Loan Agreements, Family Members & Spouses

Loan Agreements, Family Members & Spouses

G&S Law Group have dealt with many matters whereby family members have loaned money to one another (including spouses), not bothered to spend some money getting the Loan Agreement written up by a Solicitor and ended up spending thousands trying to recover the money. 

Below are some cases dealing with whether or not Spouses can commence proceedings for recovery of a loan in the Local Court or District Court, or if it should be dealt with as part o family law proceedings in the Federal Circuit or Family Court. 

Patel v Patel and ORS [2015] NSWDC 2

Confirmed the authority in NSW & Bate v Priestly (not the Western Australian position). This was a how cause hearing in the District Court of NSW, which confirmed that:

73. Although there is no express admission by either the Husband or the Wife in their affidavits filed in connection with the Wife’s Notice of Motion or in the relevant pleadings, I am satisfied on the balance of probabilities, by having regard to the terms of the Deed itself, that at least one of its purposes was to effect an adjustment of property rights other than through the processes of the Family Court.

74. However, I am respectfully not persuaded that Bate v Priestley can on that basis be distinguished in the manner undertaken by the West Australian Court of Appeal in Sewell v Wilson – at least on the facts of the present case.

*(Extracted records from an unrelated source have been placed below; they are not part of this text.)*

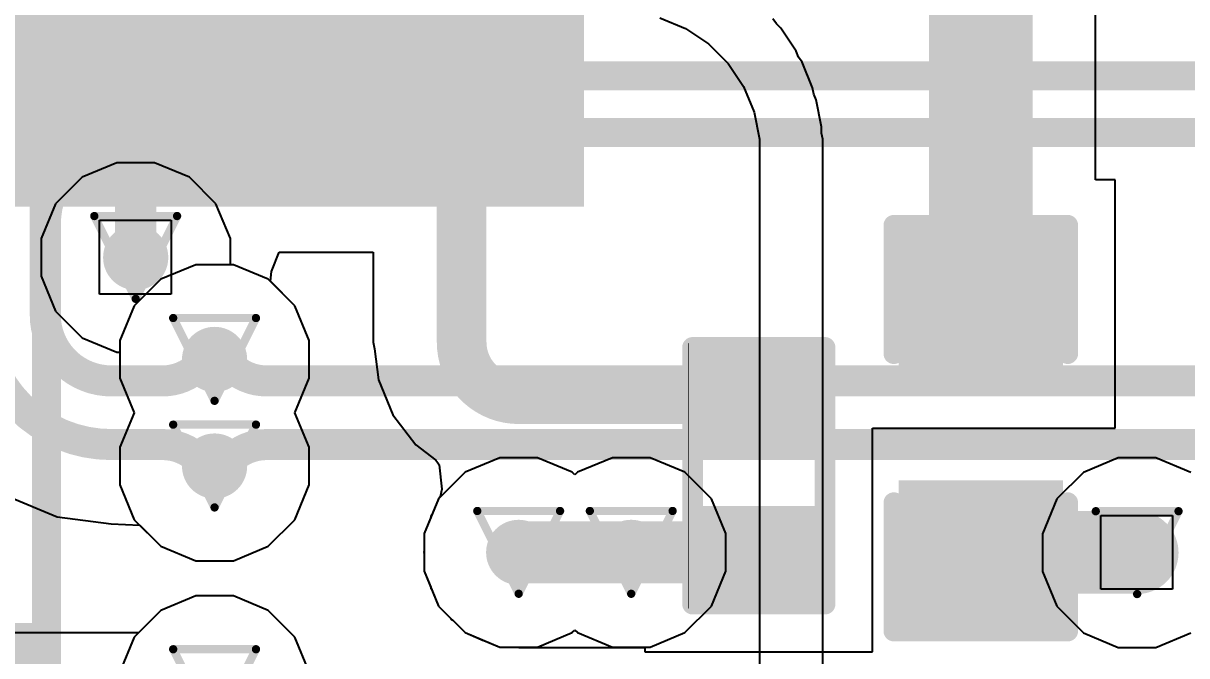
# Model space of a CAD drawing. Header units: inches. Extents: x -5 to 234, y -4 to 104.
# Drawn here: x 48.06 to 55.2, y 9.74 to 13.62 of the extents above; entities that cross this region are included whole.
import ezdxf

# ---------------------------------------------------------------- set-up
doc = ezdxf.new("R2010")
doc.units = ezdxf.units.IN
for name, color, linetype in [('Bottom Layer', 5, 'Continuous'), ('Bottom Overlay', 54, 'Continuous'), ('Bottom Paste', 16, 'Continuous'), ('Bottom Solder', 6, 'Continuous'), ('Drill Drawing', 1, 'Continuous'), ('GND', 16, 'Continuous'), ('POWER', 76, 'Continuous'), ('Top Layer', 1, 'Continuous'), ('Top Overlay', 2, 'Continuous'), ('Via Holes', 16, 'Continuous')]:
    doc.layers.add(name, color=color, linetype=linetype)
doc.styles.add('Arial Black_Bold', font='', dxfattribs={"height": 0.2})
doc.styles.get('Arial Black_Bold').set_extended_font_data('Arial Black', bold=True)

# ---------------------------------------------------------------- blocks, each defined once
blk = doc.blocks.new('R___0402_B_50')
at = {"layer": 'Bottom Layer'}
for points in [[(-0.2413, 0.3175), (-0.2413, -0.3175), (-0.6985, -0.3175), (-0.6985, 0.3175)], [(0.6985, 0.3175), (0.6985, -0.3175), (0.2413, -0.3175), (0.2413, 0.3175)]]:
    blk.add_hatch(color=5, dxfattribs=at).paths.add_polyline_path(points)
at = {"layer": 'Bottom Paste'}
for points in [[(-0.2413, 0.3175), (-0.2413, -0.3175), (-0.6985, -0.3175), (-0.6985, 0.3175)], [(0.6985, 0.3175), (0.6985, -0.3175), (0.2413, -0.3175), (0.2413, 0.3175)]]:
    blk.add_hatch(color=16, dxfattribs=at).paths.add_polyline_path(points)
at = {"layer": 'Bottom Solder'}
for points in [[(-0.1863, 0.3725), (-0.1863, -0.3725), (-0.7535, -0.3725), (-0.7535, 0.3725)], [(0.7535, 0.3725), (0.7535, -0.3725), (0.1863, -0.3725), (0.1863, 0.3725)]]:
    blk.add_hatch(color=6, dxfattribs=at).paths.add_polyline_path(points)
at = {"layer": 'Bottom Overlay'}
for points in [[(-0.7874, 0.4064, 0.127, 0.127, 0), (0.7874, 0.4064, 0.127, 0.127, 0)], [(-0.7874, 0.4064, 0.127, 0.127, 0), (-0.7874, -0.4064, 0.127, 0.127, 0)], [(-0.8128, 0.4318, 0.00323, 0.00323, 0), (0.8128, 0.4318, 0.00323, 0.00323, 0)], [(0.7874, 0.4064, 0.127, 0.127, 0), (0.7874, -0.4064, 0.127, 0.127, 0)], [(-0.7874, -0.4064, 0.127, 0.127, 0), (0.7874, -0.4064, 0.127, 0.127, 0)]]:
    blk.add_lwpolyline(points, format="xyseb", dxfattribs=at)
for points in [[(-0.8191, 0.4064, 0.0635, 0.0635, 1), (-0.7556, 0.4064, 0.0635, 0.0635, 1)], [(-0.8191, 0.4064, 0.0635, 0.0635, 1), (-0.7556, 0.4064, 0.0635, 0.0635, 1)], [(-0.8136, 0.4318, 0.00161, 0.00161, 1), (-0.812, 0.4318, 0.00161, 0.00161, 1)], [(0.7556, 0.4064, 0.0635, 0.0635, 1), (0.8191, 0.4064, 0.0635, 0.0635, 1)], [(0.7556, 0.4064, 0.0635, 0.0635, 1), (0.8191, 0.4064, 0.0635, 0.0635, 1)], [(0.812, 0.4318, 0.00161, 0.00161, 1), (0.8136, 0.4318, 0.00161, 0.00161, 1)], [(-0.8191, -0.4064, 0.0635, 0.0635, 1), (-0.7556, -0.4064, 0.0635, 0.0635, 1)], [(-0.8191, -0.4064, 0.0635, 0.0635, 1), (-0.7556, -0.4064, 0.0635, 0.0635, 1)], [(0.7556, -0.4064, 0.0635, 0.0635, 1), (0.8191, -0.4064, 0.0635, 0.0635, 1)], [(0.7556, -0.4064, 0.0635, 0.0635, 1), (0.8191, -0.4064, 0.0635, 0.0635, 1)]]:
    blk.add_lwpolyline(points, format="xyseb", close=True, dxfattribs=at)
blk = doc.blocks.new('TF31_30S_0_5SH_800__B_97')
at = {"layer": 'Bottom Layer'}
for points in [[(4.4, -2.275), (4.1, -2.275), (4.1, -0.975), (4.4, -0.975)], [(4.9, -2.275), (4.6, -2.275), (4.6, -0.975), (4.9, -0.975)], [(5.4, -2.275), (5.1, -2.275), (5.1, -0.975), (5.4, -0.975)], [(5.9, -2.275), (5.6, -2.275), (5.6, -0.975), (5.9, -0.975)], [(6.4, -2.275), (6.1, -2.275), (6.1, -0.975), (6.4, -0.975)], [(6.9, -2.275), (6.6, -2.275), (6.6, -0.975), (6.9, -0.975)], [(7.4, -2.275), (7.1, -2.275), (7.1, -0.975), (7.4, -0.975)]]:
    blk.add_hatch(color=5, dxfattribs=at).paths.add_polyline_path(points)
at = {"layer": 'Bottom Paste'}
for points in [[(4.4, -2.275), (4.1, -2.275), (4.1, -0.975), (4.4, -0.975)], [(4.9, -2.275), (4.6, -2.275), (4.6, -0.975), (4.9, -0.975)], [(5.4, -2.275), (5.1, -2.275), (5.1, -0.975), (5.4, -0.975)], [(5.9, -2.275), (5.6, -2.275), (5.6, -0.975), (5.9, -0.975)], [(6.4, -2.275), (6.1, -2.275), (6.1, -0.975), (6.4, -0.975)], [(6.9, -2.275), (6.6, -2.275), (6.6, -0.975), (6.9, -0.975)], [(7.4, -2.275), (7.1, -2.275), (7.1, -0.975), (7.4, -0.975)]]:
    blk.add_hatch(color=16, dxfattribs=at).paths.add_polyline_path(points)
at = {"layer": 'Bottom Solder'}
for points in [[(4.5016, -2.3766), (3.9984, -2.3766), (3.9984, -0.8734), (4.5016, -0.8734)], [(5.0016, -2.3766), (4.4984, -2.3766), (4.4984, -0.8734), (5.0016, -0.8734)], [(5.5016, -2.3766), (4.9984, -2.3766), (4.9984, -0.8734), (5.5016, -0.8734)], [(6.0016, -2.3766), (5.4984, -2.3766), (5.4984, -0.8734), (6.0016, -0.8734)], [(6.5016, -2.3766), (5.9984, -2.3766), (5.9984, -0.8734), (6.5016, -0.8734)], [(7.0016, -2.3766), (6.4984, -2.3766), (6.4984, -0.8734), (7.0016, -0.8734)], [(7.5016, -2.3766), (6.9984, -2.3766), (6.9984, -0.8734), (7.5016, -0.8734)]]:
    blk.add_hatch(color=6, dxfattribs=at).paths.add_polyline_path(points)
blk = doc.blocks.new('C___0603_B_136')
at = {"layer": 'Bottom Layer'}
for points in [[(-1.143, -0.4445), (-1.143, 0.4445), (-0.381, 0.4445), (-0.381, -0.4445)], [(0.381, -0.4445), (0.381, 0.4445), (1.143, 0.4445), (1.143, -0.4445)]]:
    blk.add_hatch(color=5, dxfattribs=at).paths.add_polyline_path(points)
at = {"layer": 'Bottom Paste'}
for points in [[(-1.143, -0.4445), (-1.143, 0.4445), (-0.381, 0.4445), (-0.381, -0.4445)], [(0.381, -0.4445), (0.381, 0.4445), (1.143, 0.4445), (1.143, -0.4445)]]:
    blk.add_hatch(color=16, dxfattribs=at).paths.add_polyline_path(points)
at = {"layer": 'Bottom Solder'}
for points in [[(-1.203, -0.5045), (-1.203, 0.5045), (-0.321, 0.5045), (-0.321, -0.5045)], [(0.321, -0.5045), (0.321, 0.5045), (1.203, 0.5045), (1.203, -0.5045)]]:
    blk.add_hatch(color=6, dxfattribs=at).paths.add_polyline_path(points)
at = {"layer": 'Bottom Overlay'}
for points in [[(-1.2446, 0.5334, 0.127, 0.127, 0), (-1.2446, -0.5334, 0.127, 0.127, 0)], [(-1.2446, 0.5334, 0.127, 0.127, 0), (-0.4572, 0.5334, 0.127, 0.127, 0)], [(0.4572, 0.5334, 0.127, 0.127, 0), (1.2446, 0.5334, 0.127, 0.127, 0)], [(1.2446, 0.5334, 0.127, 0.127, 0), (1.2446, -0.5334, 0.127, 0.127, 0)], [(-1.2446, -0.5334, 0.127, 0.127, 0), (-0.4572, -0.5334, 0.127, 0.127, 0)], [(0.4572, -0.5334, 0.127, 0.127, 0), (1.2446, -0.5334, 0.127, 0.127, 0)]]:
    blk.add_lwpolyline(points, format="xyseb", dxfattribs=at)
for points in [[(-1.2764, 0.5334, 0.0635, 0.0635, 1), (-1.2128, 0.5334, 0.0635, 0.0635, 1)], [(-1.2764, 0.5334, 0.0635, 0.0635, 1), (-1.2128, 0.5334, 0.0635, 0.0635, 1)], [(-0.4889, 0.5334, 0.0635, 0.0635, 1), (-0.4254, 0.5334, 0.0635, 0.0635, 1)], [(0.4254, 0.5334, 0.0635, 0.0635, 1), (0.4889, 0.5334, 0.0635, 0.0635, 1)], [(1.2128, 0.5334, 0.0635, 0.0635, 1), (1.2764, 0.5334, 0.0635, 0.0635, 1)], [(1.2128, 0.5334, 0.0635, 0.0635, 1), (1.2764, 0.5334, 0.0635, 0.0635, 1)], [(-1.2764, -0.5334, 0.0635, 0.0635, 1), (-1.2128, -0.5334, 0.0635, 0.0635, 1)], [(-1.2764, -0.5334, 0.0635, 0.0635, 1), (-1.2128, -0.5334, 0.0635, 0.0635, 1)], [(-0.4889, -0.5334, 0.0635, 0.0635, 1), (-0.4254, -0.5334, 0.0635, 0.0635, 1)], [(0.4254, -0.5334, 0.0635, 0.0635, 1), (0.4889, -0.5334, 0.0635, 0.0635, 1)], [(1.2128, -0.5334, 0.0635, 0.0635, 1), (1.2764, -0.5334, 0.0635, 0.0635, 1)], [(1.2128, -0.5334, 0.0635, 0.0635, 1), (1.2764, -0.5334, 0.0635, 0.0635, 1)]]:
    blk.add_lwpolyline(points, format="xyseb", close=True, dxfattribs=at)

msp = doc.modelspace()

# ---------------------------------------------------------------- hatches: boundary and pattern name
at = {"layer": 'Bottom Layer'}
h = msp.add_hatch(color=5, dxfattribs=at)
edge = h.paths.add_edge_path()
edge.add_arc((48.75, 12.1874), 0.2, 0, 360)
h = msp.add_hatch(color=5, dxfattribs=at)
edge = h.paths.add_edge_path()
edge.add_arc((49.234, 11.5618), 0.2, 0, 360)
h = msp.add_hatch(color=5, dxfattribs=at)
edge = h.paths.add_edge_path()
edge.add_arc((49.234, 10.9078), 0.2, 0, 360)
h = msp.add_hatch(color=5, dxfattribs=at)
edge = h.paths.add_edge_path()
edge.add_arc((51.1, 10.3781), 0.2, 0, 360)
h = msp.add_hatch(color=5, dxfattribs=at)
edge = h.paths.add_edge_path()
edge.add_arc((51.7906, 10.3781), 0.2, 0, 360)
h = msp.add_hatch(color=5, dxfattribs=at)
edge = h.paths.add_edge_path()
edge.add_arc((54.8949, 10.3765), 0.2, 0, 360)
at = {"layer": 'GND'}
h = msp.add_hatch(color=16, dxfattribs=at)
edge = h.paths.add_edge_path()
edge.add_arc((48.75, 12.1874), 0.2, 0, 360)
h = msp.add_hatch(color=16, dxfattribs=at)
edge = h.paths.add_edge_path()
edge.add_arc((49.234, 11.5618), 0.2, 0, 360)
h = msp.add_hatch(color=16, dxfattribs=at)
edge = h.paths.add_edge_path()
edge.add_arc((49.234, 10.9078), 0.2, 0, 360)
h = msp.add_hatch(color=16, dxfattribs=at)
edge = h.paths.add_edge_path()
edge.add_arc((51.1, 10.3781), 0.2, 0, 360)
h = msp.add_hatch(color=16, dxfattribs=at)
edge = h.paths.add_edge_path()
edge.add_arc((51.7906, 10.3781), 0.2, 0, 360)
h = msp.add_hatch(color=16, dxfattribs=at)
edge = h.paths.add_edge_path()
edge.add_arc((54.8949, 10.3765), 0.2, 0, 360)
at = {"layer": 'POWER'}
h = msp.add_hatch(color=76, dxfattribs=at)
edge = h.paths.add_edge_path()
edge.add_arc((48.75, 12.1874), 0.2, 0, 360)
h = msp.add_hatch(color=76, dxfattribs=at)
edge = h.paths.add_edge_path()
edge.add_arc((49.234, 11.5618), 0.2, 0, 360)
h = msp.add_hatch(color=76, dxfattribs=at)
edge = h.paths.add_edge_path()
edge.add_arc((49.234, 10.9078), 0.2, 0, 360)
h = msp.add_hatch(color=76, dxfattribs=at)
edge = h.paths.add_edge_path()
edge.add_arc((51.1, 10.3781), 0.2, 0, 360)
h = msp.add_hatch(color=76, dxfattribs=at)
edge = h.paths.add_edge_path()
edge.add_arc((51.7906, 10.3781), 0.2, 0, 360)
h = msp.add_hatch(color=76, dxfattribs=at)
edge = h.paths.add_edge_path()
edge.add_arc((54.8949, 10.3765), 0.2, 0, 360)
at = {"layer": 'Top Layer'}
h = msp.add_hatch(color=1, dxfattribs=at)
edge = h.paths.add_edge_path()
edge.add_arc((48.75, 12.1874), 0.2, 0, 360)
h = msp.add_hatch(color=1, dxfattribs=at)
edge = h.paths.add_edge_path()
edge.add_arc((49.234, 11.5618), 0.2, 0, 360)
h = msp.add_hatch(color=1, dxfattribs=at)
edge = h.paths.add_edge_path()
edge.add_arc((49.234, 10.9078), 0.2, 0, 360)
h = msp.add_hatch(color=1, dxfattribs=at)
edge = h.paths.add_edge_path()
edge.add_arc((51.1, 10.3781), 0.2, 0, 360)
h = msp.add_hatch(color=1, dxfattribs=at)
edge = h.paths.add_edge_path()
edge.add_arc((51.7906, 10.3781), 0.2, 0, 360)
h = msp.add_hatch(color=1, dxfattribs=at)
edge = h.paths.add_edge_path()
edge.add_arc((54.8949, 10.3765), 0.2, 0, 360)
at = {"layer": 'Via Holes'}
h = msp.add_hatch(color=7, dxfattribs=at)
edge = h.paths.add_edge_path()
edge.add_arc((48.75, 12.1874), 0.1, 0, 360)
h = msp.add_hatch(color=7, dxfattribs=at)
edge = h.paths.add_edge_path()
edge.add_arc((49.234, 11.5618), 0.1, 0, 360)
h = msp.add_hatch(color=7, dxfattribs=at)
edge = h.paths.add_edge_path()
edge.add_arc((49.234, 10.9078), 0.1, 0, 360)
h = msp.add_hatch(color=7, dxfattribs=at)
edge = h.paths.add_edge_path()
edge.add_arc((51.1, 10.3781), 0.1, 0, 360)
h = msp.add_hatch(color=7, dxfattribs=at)
edge = h.paths.add_edge_path()
edge.add_arc((51.7906, 10.3781), 0.1, 0, 360)
h = msp.add_hatch(color=7, dxfattribs=at)
edge = h.paths.add_edge_path()
edge.add_arc((54.8949, 10.3765), 0.1, 0, 360)

# ---------------------------------------------------------------- linework, layer by layer
at = {"layer": 'Bottom Layer'}
for p, q in [((54.64, 12.6641), (54.64, 13.9452)), ((54.761, 12.6641), (54.64, 12.6641)), ((54.761, 11.1401), (54.761, 12.6641)), ((49.5826, 12.1022), (49.6302, 12.219)), ((49.6302, 12.219), (50.2061, 12.219)), ((50.2061, 12.219), (50.2061, 11.6679)), ((49.5762, 12.0412), (49.5826, 12.1022)), ((49.7265, 11.8909), (49.5762, 12.0412)), ((49.815, 11.6773), (49.7265, 11.8909)), ((49.815, 11.4462), (49.815, 11.6773)), ((50.2061, 11.6679), (50.2145, 11.6259)), ((50.2145, 11.6259), (50.2393, 11.4373)), ((49.7274, 11.2348), (49.815, 11.4462)), ((50.2393, 11.4373), (50.3283, 11.2224)), ((49.815, 11.0233), (49.7274, 11.2348)), ((50.3283, 11.2224), (50.4699, 11.0379)), ((53.2718, 10.7083), (53.2718, 11.1401)), ((53.2718, 11.1401), (54.761, 11.1401)), ((49.815, 10.7922), (49.815, 11.0233)), ((50.4699, 11.0379), (50.5925, 10.9438)), ((50.5925, 10.9438), (50.6042, 10.9268)), ((50.6042, 10.9268), (50.6118, 10.9146)), ((50.6118, 10.9146), (50.6284, 10.7667)), ((49.7265, 10.5786), (49.815, 10.7922)), ((47.9587, 10.7241), (48.268, 10.596)), ((50.6188, 10.7186), (50.6074, 10.7072)), ((50.6284, 10.7667), (50.6188, 10.7186)), ((50.6074, 10.7072), (50.5665, 10.6083)), ((53.2718, 9.7685), (53.2718, 10.7083)), ((48.268, 10.596), (48.6, 10.5523)), ((49.5631, 10.4152), (49.7265, 10.5786)), ((50.5599, 10.5926), (50.519, 10.4937)), ((50.5616, 10.6011), (50.5599, 10.5926)), ((50.5665, 10.6083), (50.5616, 10.6011)), ((48.6, 10.5523), (48.6, 10.5523)), ((48.6, 10.5523), (48.7749, 10.5452)), ((48.7749, 10.5452), (48.9049, 10.4152)), ((50.519, 10.4937), (50.519, 10.3866)), ((48.9049, 10.4152), (49.1184, 10.3268)), ((49.3495, 10.3268), (49.5631, 10.4152)), ((50.519, 10.3866), (50.5173, 10.3781)), ((50.5173, 10.3781), (50.519, 10.3696)), ((50.519, 10.3696), (50.519, 10.2625)), ((49.1184, 10.3268), (49.3495, 10.3268)), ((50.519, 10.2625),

In my opinion Bate v Priestley, until overruled in the High Court, continues in this State to stand for the proposition that parties to a marriage can, between themselves, and in respect of property adjustment issues, agree to provide remedies at common law outside those available under the Act. To agree to have such remedies does not purport to exclude the jurisdiction of the Family Court. If either party regularly invoked the jurisdiction of that court, it would be a matter for it to decide what effect or weight ought to be given to the Deed; and whether principles of estoppel (ANSHUN or otherwise) arose.

Decision:

75. In my opinion, therefore, this court does have jurisdiction to entertain the claim which relates to the Deed. In other words, the Wife has shown cause as to why the proceedings should not be struck out.

Bate v Priestly

The majority of the New South Wales Court of Appeal held that proceedings to enforce a deed of acknowledgment of debt by the wife against her former husband did not arise out of the parties' former marital relationship, but out of the deed.

Slattery v Slattery (1976) 2 FAM

(90-110), the Full Court of the Family Court held that the Family Court did not have jurisdiction to order the repayment of money lent by a wife to a husband during the course of a marriage, since the payment of a loan was not:

(a) a matter of maintenance since it did not involve considerations of needs and abilities to pay as required by Family Law Act 1975 (Cth) s 75; or

(b) a matter of alteration of property interests since it did not deal with any particular item of property of a party to the marriage.